Perioperative hyperkalemic cardiac arrest in an asymptomatic young male patient may be the initial presentation of occult muscular dystrophy. In such an event, the American Heart Association (AHA) Guidelines recommend the immediate administration of intravenous calcium chloride to antagonize the myocardial effects of hyperkalemia and help restore a spontaneous cardiac rhythm (55). The protective effect of Ca2+ on myocardial cells is most likely related to the influx of Ca2+ into the cell, which raises intracellular Ca2+ levels and transiently decreases the resting potential of the cell membrane (56,57). This reduces the potassium-related hyperexcitability of the myocardium and maintains a spontaneous cardiac rhythm. Intracellular Ca2+ levels are elevated in skeletal muscle cells of DMD patients and in the myocardium of older, but not necessarily younger, mdx mice (52,58,59). Therefore, the administration of calcium chloride may not depress the myocardial membrane resting potential to the same degree, and thus may not be as effective for the treatment of hyperkalemic cardiac arrest. Nonetheless, the AHA Guidelines regarding the administration of calcium chloride for hyperkalemic cardiac arrest should be adhered to. However, initial treatment should also focus on measures to shift potassium back into muscle cells, as sinus rhythm cannot be reestablished until the serum potassium levels are lowered to a near normal level.

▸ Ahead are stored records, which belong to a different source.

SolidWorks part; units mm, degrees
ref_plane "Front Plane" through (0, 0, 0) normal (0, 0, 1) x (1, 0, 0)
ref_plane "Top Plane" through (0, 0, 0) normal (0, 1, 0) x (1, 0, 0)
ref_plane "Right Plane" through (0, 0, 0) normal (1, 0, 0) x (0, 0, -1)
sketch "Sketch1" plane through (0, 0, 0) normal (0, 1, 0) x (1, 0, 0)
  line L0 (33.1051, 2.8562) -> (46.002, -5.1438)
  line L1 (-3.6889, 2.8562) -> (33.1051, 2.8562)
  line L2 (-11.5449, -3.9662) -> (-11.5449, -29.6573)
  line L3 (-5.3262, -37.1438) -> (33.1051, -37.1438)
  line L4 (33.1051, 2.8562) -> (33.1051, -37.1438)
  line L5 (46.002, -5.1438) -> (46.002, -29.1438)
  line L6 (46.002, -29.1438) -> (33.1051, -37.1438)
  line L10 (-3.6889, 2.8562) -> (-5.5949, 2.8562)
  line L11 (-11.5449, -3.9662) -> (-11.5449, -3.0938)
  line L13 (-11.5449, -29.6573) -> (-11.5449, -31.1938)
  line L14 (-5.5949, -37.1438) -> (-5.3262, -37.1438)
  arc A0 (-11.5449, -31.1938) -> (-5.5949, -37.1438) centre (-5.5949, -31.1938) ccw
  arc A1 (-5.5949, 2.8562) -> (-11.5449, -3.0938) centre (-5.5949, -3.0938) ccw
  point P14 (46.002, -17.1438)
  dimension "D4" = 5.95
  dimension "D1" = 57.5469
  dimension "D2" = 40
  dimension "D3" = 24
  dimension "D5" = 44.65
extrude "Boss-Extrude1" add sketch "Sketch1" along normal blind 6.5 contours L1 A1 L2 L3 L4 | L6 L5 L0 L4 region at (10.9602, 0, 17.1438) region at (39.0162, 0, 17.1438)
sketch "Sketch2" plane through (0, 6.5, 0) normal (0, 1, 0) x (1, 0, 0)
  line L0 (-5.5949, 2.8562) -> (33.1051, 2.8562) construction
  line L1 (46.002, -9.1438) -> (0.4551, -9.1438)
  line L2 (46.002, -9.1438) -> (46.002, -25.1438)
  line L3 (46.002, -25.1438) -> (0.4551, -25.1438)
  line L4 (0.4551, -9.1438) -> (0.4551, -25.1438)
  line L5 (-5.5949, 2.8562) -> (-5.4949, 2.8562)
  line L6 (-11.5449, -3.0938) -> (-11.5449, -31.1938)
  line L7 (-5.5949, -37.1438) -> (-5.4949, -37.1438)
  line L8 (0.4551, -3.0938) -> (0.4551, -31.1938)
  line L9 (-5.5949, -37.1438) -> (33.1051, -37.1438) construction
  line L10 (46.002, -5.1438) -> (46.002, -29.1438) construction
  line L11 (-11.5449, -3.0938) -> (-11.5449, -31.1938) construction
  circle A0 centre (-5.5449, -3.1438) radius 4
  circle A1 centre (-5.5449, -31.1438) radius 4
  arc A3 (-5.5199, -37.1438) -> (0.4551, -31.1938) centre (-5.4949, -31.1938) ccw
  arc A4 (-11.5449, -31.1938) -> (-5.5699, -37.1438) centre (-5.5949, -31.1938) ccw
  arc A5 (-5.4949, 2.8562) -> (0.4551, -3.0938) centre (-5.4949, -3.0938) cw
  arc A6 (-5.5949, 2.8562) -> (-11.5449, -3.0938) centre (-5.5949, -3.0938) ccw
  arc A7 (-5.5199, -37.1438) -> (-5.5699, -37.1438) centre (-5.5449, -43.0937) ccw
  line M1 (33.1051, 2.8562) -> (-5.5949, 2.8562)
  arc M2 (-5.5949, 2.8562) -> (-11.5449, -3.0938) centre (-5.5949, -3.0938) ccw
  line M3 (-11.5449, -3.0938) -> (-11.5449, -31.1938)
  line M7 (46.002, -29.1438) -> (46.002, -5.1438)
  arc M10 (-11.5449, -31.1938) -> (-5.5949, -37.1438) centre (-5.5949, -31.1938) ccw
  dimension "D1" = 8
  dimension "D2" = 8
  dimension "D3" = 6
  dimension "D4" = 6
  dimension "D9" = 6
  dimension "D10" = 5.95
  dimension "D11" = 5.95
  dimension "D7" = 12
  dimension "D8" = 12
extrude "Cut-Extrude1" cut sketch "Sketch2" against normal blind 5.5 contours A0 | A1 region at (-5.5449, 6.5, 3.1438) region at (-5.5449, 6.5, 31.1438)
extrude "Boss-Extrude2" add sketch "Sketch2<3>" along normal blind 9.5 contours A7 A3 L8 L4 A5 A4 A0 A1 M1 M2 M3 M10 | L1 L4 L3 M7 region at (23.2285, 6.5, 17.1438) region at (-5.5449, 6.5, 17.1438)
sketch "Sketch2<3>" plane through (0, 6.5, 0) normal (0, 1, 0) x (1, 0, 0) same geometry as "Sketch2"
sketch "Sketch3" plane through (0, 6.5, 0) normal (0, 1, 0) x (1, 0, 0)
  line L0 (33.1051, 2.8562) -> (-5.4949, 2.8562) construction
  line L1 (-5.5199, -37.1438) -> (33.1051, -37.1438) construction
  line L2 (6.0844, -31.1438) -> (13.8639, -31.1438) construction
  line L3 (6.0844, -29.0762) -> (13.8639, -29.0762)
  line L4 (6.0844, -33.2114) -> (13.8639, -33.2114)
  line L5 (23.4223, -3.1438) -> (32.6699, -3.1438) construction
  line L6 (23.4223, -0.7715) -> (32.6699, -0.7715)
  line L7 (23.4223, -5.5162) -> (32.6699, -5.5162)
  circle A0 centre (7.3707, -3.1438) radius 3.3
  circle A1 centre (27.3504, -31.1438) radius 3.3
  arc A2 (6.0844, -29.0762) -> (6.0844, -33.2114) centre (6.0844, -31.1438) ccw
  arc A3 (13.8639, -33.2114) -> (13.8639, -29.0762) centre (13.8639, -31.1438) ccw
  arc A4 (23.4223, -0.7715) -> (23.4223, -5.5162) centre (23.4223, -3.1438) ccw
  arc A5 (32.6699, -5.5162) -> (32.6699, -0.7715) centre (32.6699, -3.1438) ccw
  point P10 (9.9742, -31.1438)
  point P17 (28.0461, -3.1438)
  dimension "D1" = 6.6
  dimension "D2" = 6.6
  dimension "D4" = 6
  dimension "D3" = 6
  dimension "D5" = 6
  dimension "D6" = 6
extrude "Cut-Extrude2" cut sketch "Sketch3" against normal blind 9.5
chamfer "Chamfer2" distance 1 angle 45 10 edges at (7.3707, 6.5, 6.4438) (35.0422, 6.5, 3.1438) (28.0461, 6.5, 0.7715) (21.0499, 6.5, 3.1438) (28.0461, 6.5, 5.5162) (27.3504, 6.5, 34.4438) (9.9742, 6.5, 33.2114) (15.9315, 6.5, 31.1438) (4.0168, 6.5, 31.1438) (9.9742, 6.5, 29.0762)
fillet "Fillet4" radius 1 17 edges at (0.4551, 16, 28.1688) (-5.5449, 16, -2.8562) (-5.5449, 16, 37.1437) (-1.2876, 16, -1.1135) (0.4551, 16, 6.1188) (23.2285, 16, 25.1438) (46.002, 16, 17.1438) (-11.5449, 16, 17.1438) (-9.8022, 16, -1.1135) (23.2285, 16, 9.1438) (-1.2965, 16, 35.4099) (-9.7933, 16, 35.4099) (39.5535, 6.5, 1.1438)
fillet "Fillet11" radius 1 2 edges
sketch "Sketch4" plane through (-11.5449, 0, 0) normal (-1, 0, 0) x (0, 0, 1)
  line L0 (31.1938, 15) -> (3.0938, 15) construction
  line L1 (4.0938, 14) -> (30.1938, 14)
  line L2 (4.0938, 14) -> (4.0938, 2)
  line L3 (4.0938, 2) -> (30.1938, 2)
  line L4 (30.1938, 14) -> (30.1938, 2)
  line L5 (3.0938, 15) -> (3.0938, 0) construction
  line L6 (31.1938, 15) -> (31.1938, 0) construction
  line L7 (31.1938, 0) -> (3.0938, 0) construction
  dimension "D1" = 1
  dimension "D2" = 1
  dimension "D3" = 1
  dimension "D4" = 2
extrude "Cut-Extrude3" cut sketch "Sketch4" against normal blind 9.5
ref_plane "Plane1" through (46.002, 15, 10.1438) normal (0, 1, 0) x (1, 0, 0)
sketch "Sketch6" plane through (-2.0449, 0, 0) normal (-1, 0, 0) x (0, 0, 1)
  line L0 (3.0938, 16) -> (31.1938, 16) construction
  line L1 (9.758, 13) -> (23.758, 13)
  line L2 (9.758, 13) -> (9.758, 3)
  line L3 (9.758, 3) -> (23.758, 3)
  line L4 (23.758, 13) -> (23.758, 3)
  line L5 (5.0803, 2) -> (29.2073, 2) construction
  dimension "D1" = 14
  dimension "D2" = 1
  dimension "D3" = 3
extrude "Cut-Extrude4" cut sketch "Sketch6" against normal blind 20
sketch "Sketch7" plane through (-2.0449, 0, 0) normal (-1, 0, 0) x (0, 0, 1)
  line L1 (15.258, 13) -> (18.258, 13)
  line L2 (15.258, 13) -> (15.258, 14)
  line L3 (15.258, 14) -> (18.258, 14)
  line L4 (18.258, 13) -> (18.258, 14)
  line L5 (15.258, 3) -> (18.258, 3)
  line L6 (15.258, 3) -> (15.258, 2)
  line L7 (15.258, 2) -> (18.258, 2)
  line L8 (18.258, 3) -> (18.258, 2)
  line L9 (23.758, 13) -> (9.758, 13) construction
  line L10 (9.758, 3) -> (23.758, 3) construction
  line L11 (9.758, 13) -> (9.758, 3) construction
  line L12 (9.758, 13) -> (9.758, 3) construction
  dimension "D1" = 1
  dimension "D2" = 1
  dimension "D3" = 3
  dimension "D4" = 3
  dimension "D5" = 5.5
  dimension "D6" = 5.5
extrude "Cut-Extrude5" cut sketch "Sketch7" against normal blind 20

The role of dantrolene in the management of AIR is unknown. The mechanism of action of dantrolene for the treatment of MH is likely inhibition of excessive release of Ca2+ from the sarcoplasmic reticulum (SR) by binding to the ryanodine receptor isoform 1 (RYR1) (60). Dantrolene may be of no use for AIR as the proposed mechanism involves the breakdown of muscle cell membranes and subsequent leakage of cell contents. Dantrolene was administered to many of the patients described above with no obvious clinical benefit (10,14,16,18,20,29).
Conclusions
Differentiation between AIR and MH may be difficult, especially if the patient is not known to have DMD. However, acute hyperkalemic cardiac arrest or isolated rhabdomyolysis with no signs of systemic hypermetabolism strongly suggest AIR. Conversely, the presence of rapidly rising endtidal CO2, unexplained metabolic acidosis, inappropriate tachycardia or tachypnea in a spontaneously breathing patient, muscle rigidity and increasing body temperature >38.8°C are consistent with MH. The Malignant Hyperthermia Clinical Grading Scale is a useful resource for retrospective analysis of the event if uncertainty persists.